The response must reproduce exactly every line of the material below holding the word "CounterSinkHole".
___
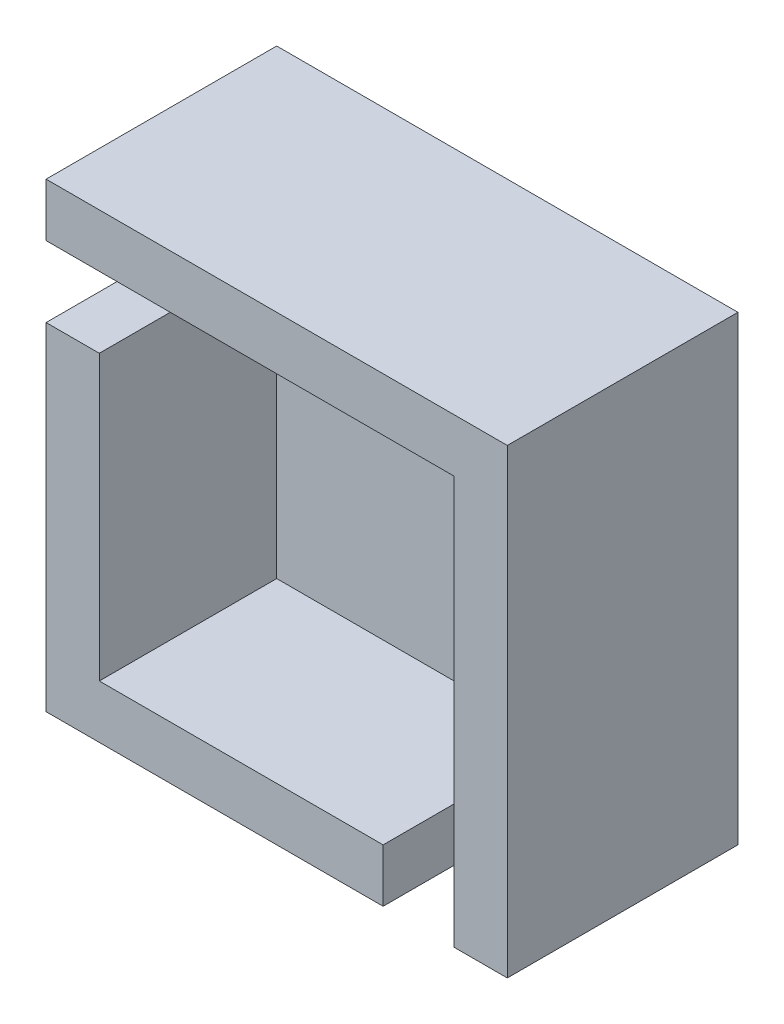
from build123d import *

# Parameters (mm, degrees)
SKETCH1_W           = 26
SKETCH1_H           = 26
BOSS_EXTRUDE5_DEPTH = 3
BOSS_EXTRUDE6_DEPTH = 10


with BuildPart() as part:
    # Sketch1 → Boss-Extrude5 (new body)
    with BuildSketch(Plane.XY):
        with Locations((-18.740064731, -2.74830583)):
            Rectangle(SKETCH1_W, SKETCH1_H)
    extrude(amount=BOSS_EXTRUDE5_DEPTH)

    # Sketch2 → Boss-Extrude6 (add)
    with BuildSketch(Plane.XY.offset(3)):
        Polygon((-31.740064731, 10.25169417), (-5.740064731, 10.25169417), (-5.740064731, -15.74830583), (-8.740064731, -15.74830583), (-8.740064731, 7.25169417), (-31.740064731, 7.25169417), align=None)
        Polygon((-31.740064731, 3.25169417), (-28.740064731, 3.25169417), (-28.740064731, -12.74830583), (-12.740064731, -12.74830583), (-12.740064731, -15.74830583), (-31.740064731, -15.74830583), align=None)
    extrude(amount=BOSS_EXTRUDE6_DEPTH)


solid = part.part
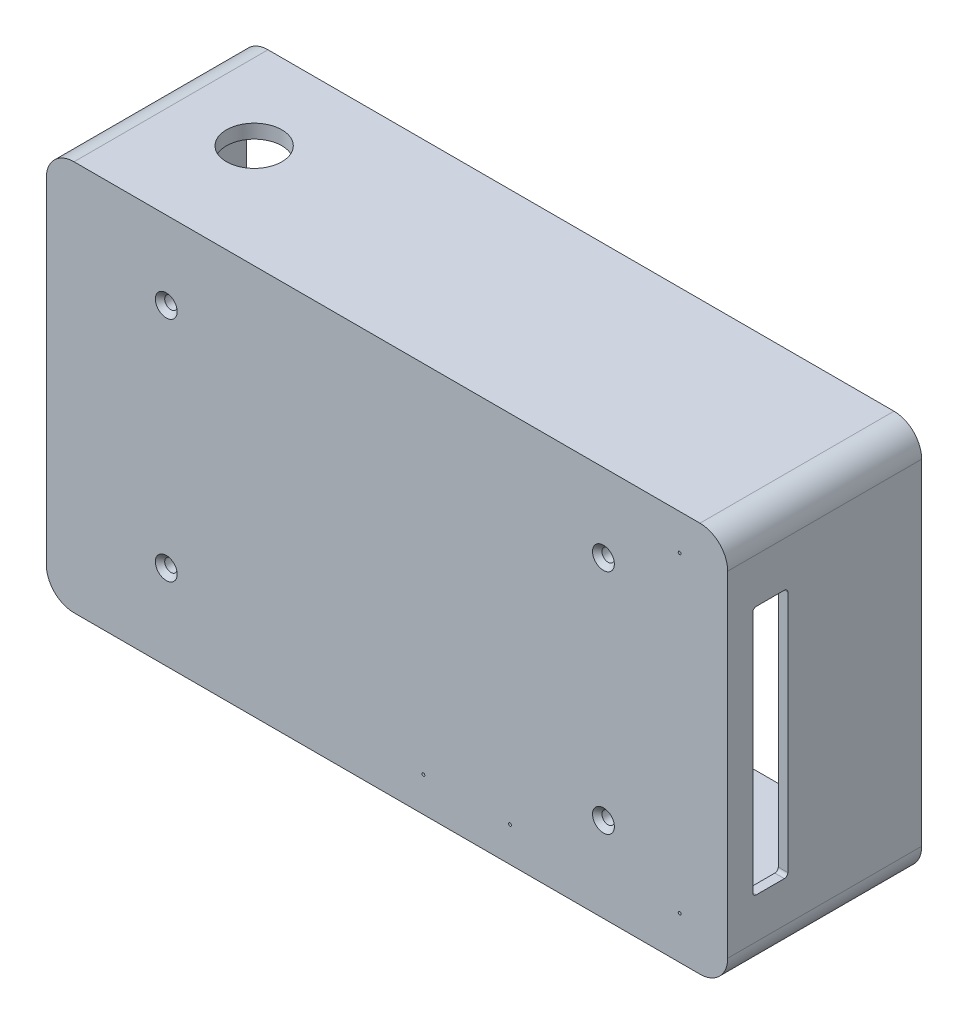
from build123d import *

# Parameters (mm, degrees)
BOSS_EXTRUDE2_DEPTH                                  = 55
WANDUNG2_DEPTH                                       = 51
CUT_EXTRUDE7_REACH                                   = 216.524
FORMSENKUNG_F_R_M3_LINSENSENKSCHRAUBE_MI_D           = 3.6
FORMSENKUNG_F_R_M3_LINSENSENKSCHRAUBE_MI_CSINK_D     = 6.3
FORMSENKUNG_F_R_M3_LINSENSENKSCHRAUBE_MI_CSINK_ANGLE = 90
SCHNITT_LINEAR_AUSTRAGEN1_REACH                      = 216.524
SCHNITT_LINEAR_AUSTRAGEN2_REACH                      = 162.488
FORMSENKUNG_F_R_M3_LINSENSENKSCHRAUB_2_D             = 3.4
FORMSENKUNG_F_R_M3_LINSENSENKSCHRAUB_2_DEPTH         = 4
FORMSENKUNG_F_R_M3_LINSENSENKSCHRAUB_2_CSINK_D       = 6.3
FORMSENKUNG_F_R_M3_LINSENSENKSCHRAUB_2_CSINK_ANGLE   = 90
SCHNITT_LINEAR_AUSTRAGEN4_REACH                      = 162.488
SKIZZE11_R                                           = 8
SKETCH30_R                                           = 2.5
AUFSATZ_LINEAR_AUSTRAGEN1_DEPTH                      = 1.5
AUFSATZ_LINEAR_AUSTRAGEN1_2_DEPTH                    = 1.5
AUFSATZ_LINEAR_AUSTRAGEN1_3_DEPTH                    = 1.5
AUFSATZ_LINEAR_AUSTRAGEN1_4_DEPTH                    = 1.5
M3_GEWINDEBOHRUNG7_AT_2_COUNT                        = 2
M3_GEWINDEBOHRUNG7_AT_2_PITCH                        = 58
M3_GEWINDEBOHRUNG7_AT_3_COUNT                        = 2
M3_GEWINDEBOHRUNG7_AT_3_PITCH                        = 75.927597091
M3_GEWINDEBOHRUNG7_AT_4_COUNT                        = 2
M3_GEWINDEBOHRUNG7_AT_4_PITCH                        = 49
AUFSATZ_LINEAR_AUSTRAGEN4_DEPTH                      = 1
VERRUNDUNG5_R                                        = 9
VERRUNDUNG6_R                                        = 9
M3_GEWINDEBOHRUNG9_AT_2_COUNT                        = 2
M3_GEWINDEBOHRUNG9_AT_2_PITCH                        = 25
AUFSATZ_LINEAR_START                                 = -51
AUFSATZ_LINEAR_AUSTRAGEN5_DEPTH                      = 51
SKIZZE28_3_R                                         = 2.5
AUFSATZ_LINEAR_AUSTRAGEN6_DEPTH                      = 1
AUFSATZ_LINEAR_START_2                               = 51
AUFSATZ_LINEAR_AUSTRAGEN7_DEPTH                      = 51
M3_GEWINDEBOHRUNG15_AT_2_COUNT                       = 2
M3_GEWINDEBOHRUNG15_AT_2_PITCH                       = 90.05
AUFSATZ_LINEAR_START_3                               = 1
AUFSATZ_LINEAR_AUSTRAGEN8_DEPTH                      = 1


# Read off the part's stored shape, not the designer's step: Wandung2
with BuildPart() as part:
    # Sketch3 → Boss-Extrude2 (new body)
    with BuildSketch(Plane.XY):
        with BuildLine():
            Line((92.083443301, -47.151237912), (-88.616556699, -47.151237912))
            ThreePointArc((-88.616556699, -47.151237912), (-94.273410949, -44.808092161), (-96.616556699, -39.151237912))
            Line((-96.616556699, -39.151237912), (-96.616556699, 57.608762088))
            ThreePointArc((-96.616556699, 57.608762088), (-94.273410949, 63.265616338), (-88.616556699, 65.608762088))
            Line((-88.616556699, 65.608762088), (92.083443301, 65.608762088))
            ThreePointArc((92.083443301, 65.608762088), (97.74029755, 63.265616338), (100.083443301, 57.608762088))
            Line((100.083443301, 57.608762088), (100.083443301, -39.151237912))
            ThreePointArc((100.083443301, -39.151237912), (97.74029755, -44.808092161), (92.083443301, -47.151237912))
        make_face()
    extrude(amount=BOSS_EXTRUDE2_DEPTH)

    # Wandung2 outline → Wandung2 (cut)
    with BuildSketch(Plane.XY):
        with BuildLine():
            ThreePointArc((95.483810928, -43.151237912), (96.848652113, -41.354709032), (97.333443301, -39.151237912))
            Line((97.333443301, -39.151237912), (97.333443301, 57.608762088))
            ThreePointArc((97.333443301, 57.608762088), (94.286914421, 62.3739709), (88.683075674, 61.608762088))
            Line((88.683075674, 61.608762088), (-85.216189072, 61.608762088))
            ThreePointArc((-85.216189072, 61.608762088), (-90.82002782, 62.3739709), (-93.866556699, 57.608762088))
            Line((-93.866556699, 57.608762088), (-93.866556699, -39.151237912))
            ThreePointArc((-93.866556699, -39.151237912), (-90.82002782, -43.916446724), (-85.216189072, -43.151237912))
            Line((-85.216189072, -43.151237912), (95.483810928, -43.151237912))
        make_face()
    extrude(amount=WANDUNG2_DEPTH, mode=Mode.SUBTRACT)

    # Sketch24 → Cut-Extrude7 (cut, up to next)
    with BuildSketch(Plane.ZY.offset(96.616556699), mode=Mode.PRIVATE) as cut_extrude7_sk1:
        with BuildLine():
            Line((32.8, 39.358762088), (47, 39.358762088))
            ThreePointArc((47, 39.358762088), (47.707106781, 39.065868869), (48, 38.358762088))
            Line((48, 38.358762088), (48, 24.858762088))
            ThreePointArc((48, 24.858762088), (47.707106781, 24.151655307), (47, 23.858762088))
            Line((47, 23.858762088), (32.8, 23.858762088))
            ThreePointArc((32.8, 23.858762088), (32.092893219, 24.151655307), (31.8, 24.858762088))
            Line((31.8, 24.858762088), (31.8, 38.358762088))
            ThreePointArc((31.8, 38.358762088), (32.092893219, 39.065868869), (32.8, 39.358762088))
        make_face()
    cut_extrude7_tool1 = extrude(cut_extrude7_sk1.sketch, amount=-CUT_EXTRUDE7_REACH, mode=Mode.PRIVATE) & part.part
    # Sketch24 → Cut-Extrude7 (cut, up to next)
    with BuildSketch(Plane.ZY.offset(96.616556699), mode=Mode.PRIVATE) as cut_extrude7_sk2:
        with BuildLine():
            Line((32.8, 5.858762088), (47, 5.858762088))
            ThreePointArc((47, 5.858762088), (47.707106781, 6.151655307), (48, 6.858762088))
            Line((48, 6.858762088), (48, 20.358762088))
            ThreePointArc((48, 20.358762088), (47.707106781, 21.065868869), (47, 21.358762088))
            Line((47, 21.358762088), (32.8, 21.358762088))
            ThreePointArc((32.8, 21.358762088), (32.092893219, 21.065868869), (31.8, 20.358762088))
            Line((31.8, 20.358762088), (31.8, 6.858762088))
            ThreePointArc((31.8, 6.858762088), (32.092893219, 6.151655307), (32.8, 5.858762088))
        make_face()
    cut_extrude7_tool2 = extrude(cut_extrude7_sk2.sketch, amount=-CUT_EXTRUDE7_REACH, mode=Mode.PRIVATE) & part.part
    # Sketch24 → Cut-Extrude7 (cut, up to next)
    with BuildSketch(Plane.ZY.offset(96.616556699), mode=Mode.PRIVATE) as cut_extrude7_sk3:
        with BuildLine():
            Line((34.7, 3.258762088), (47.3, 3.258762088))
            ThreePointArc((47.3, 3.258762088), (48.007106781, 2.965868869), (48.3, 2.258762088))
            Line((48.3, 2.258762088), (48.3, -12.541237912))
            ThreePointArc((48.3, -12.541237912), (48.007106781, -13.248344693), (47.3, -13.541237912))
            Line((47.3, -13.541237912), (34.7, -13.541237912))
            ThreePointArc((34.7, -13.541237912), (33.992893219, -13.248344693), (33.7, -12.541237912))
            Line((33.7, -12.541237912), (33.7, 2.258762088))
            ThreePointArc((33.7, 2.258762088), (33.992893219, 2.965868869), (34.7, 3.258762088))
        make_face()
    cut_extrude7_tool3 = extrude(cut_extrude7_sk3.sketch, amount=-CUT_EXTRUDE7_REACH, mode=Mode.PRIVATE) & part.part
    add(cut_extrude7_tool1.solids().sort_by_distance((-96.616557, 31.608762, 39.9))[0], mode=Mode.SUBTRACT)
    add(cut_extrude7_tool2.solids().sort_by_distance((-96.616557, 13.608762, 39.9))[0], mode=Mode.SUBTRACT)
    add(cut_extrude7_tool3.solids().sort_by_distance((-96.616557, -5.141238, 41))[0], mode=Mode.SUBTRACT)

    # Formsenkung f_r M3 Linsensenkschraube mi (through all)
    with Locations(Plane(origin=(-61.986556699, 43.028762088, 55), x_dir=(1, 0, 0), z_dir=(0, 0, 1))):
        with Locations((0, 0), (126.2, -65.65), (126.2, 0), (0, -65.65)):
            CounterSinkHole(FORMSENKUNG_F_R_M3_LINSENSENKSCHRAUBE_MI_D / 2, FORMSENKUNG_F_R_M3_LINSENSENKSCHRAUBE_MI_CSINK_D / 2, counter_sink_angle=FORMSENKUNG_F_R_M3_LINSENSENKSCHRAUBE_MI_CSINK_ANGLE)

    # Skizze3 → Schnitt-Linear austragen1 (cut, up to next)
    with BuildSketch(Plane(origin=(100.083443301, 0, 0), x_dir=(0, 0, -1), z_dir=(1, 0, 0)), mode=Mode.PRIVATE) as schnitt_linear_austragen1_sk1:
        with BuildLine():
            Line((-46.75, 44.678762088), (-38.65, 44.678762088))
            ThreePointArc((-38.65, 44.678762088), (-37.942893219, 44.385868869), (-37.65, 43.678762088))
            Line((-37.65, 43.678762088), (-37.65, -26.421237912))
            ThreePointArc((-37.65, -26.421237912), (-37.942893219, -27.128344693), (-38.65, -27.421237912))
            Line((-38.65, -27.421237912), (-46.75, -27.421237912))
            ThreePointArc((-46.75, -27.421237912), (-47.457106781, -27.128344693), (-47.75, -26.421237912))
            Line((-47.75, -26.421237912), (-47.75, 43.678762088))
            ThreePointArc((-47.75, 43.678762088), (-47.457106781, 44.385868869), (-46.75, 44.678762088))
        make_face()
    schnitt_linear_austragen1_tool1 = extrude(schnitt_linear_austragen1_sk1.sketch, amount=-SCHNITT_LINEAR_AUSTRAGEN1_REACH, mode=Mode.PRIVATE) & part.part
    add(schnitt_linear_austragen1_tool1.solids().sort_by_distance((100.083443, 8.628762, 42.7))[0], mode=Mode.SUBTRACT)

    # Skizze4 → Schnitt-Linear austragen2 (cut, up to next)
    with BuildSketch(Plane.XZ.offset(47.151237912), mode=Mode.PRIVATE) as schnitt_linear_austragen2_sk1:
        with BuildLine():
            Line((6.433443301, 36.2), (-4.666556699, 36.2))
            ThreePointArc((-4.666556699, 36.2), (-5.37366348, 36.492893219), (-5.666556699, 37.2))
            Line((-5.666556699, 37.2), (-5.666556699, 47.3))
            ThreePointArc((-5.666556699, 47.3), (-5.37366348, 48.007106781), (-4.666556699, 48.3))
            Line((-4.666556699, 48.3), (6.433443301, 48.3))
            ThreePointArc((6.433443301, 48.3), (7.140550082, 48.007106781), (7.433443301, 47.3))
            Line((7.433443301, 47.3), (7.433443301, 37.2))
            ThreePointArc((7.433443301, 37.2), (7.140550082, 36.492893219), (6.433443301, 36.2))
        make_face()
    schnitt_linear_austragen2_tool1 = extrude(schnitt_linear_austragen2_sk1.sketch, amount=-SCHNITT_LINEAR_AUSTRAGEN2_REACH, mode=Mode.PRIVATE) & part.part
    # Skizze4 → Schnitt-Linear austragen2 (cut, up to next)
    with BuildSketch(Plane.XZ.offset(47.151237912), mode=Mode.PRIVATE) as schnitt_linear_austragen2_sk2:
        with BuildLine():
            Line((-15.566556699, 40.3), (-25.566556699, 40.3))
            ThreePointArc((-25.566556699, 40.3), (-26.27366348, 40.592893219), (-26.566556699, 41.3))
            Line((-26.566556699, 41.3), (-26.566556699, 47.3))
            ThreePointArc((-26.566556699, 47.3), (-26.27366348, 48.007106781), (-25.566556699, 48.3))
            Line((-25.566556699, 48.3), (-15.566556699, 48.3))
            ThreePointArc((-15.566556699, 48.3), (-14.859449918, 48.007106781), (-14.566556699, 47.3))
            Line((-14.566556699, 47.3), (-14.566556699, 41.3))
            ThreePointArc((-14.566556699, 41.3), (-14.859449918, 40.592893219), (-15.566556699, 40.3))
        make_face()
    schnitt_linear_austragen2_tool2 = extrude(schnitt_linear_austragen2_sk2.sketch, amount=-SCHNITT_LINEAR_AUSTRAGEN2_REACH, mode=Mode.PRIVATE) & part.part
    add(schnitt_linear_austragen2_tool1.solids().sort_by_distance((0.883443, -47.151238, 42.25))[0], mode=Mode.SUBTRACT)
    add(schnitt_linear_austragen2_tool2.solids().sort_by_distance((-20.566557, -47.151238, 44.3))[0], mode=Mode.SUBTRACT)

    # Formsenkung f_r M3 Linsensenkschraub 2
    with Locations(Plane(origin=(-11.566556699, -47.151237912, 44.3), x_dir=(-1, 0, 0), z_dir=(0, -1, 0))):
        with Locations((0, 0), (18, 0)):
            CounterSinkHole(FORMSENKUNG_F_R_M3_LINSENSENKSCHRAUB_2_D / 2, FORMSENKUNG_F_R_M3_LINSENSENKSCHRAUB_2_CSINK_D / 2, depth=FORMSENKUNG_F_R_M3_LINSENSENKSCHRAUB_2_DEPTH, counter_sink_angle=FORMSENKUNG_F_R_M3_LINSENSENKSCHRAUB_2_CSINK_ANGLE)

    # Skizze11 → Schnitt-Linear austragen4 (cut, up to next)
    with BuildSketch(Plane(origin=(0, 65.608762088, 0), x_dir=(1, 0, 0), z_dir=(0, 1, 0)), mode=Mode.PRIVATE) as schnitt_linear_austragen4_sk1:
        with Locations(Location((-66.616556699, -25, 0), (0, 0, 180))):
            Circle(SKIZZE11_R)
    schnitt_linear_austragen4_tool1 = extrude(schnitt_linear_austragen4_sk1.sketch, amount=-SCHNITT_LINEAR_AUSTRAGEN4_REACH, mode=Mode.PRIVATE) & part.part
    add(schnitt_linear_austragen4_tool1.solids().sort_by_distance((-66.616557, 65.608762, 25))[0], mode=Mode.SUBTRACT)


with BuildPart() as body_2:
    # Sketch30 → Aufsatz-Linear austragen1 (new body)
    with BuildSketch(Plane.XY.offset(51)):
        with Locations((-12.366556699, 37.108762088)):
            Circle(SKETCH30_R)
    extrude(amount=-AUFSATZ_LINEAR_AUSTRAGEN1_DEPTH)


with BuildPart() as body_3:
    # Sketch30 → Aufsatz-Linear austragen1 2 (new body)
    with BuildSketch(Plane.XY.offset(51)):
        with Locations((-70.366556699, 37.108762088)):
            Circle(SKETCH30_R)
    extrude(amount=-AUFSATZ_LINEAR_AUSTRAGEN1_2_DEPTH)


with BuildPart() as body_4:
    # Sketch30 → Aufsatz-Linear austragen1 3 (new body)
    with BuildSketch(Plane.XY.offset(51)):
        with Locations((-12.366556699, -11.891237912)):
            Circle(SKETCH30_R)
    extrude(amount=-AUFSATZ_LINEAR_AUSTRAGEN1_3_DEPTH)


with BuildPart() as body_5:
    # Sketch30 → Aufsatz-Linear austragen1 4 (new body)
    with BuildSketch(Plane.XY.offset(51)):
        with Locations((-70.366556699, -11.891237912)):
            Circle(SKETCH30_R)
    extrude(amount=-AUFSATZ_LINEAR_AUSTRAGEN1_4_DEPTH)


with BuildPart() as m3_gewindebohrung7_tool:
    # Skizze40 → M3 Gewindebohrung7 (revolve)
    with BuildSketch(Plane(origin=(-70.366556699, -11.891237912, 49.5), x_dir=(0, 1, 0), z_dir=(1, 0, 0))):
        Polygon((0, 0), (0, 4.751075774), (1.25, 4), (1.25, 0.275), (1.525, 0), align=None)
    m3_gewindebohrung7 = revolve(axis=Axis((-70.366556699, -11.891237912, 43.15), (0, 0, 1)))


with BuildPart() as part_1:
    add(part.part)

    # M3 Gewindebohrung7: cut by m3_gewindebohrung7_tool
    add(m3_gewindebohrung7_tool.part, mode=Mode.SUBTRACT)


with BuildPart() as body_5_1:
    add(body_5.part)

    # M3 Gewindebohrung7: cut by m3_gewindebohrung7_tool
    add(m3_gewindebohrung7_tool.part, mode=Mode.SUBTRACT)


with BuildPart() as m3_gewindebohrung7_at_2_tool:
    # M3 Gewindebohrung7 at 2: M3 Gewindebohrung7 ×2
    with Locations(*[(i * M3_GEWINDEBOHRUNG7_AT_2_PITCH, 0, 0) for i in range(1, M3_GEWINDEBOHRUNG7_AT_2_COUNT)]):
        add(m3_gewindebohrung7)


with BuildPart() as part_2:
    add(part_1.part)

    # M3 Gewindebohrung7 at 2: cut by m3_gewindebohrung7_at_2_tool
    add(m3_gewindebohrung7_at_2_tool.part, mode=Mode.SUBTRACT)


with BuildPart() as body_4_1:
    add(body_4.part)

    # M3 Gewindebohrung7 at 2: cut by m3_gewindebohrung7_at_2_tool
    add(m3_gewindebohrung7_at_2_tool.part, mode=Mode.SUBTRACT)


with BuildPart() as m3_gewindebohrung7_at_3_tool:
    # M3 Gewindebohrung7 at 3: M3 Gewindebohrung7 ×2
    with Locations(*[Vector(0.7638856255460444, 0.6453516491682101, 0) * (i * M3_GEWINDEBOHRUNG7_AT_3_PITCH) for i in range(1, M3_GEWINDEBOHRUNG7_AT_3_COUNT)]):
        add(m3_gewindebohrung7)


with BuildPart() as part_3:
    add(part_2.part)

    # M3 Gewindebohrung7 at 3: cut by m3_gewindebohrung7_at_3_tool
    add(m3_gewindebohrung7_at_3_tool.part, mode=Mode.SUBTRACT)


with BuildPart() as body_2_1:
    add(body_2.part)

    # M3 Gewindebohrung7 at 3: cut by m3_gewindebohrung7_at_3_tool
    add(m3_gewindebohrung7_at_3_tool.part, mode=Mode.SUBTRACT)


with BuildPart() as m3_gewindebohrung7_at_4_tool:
___
WORKED SOLUTION:
            CounterSinkHole(FORMSENKUNG_F_R_M3_LINSENSENKSCHRAUBE_MI_D / 2, FORMSENKUNG_F_R_M3_LINSENSENKSCHRAUBE_MI_CSINK_D / 2, counter_sink_angle=FORMSENKUNG_F_R_M3_LINSENSENKSCHRAUBE_MI_CSINK_ANGLE)
            CounterSinkHole(FORMSENKUNG_F_R_M3_LINSENSENKSCHRAUB_2_D / 2, FORMSENKUNG_F_R_M3_LINSENSENKSCHRAUB_2_CSINK_D / 2, depth=FORMSENKUNG_F_R_M3_LINSENSENKSCHRAUB_2_DEPTH, counter_sink_angle=FORMSENKUNG_F_R_M3_LINSENSENKSCHRAUB_2_CSINK_ANGLE)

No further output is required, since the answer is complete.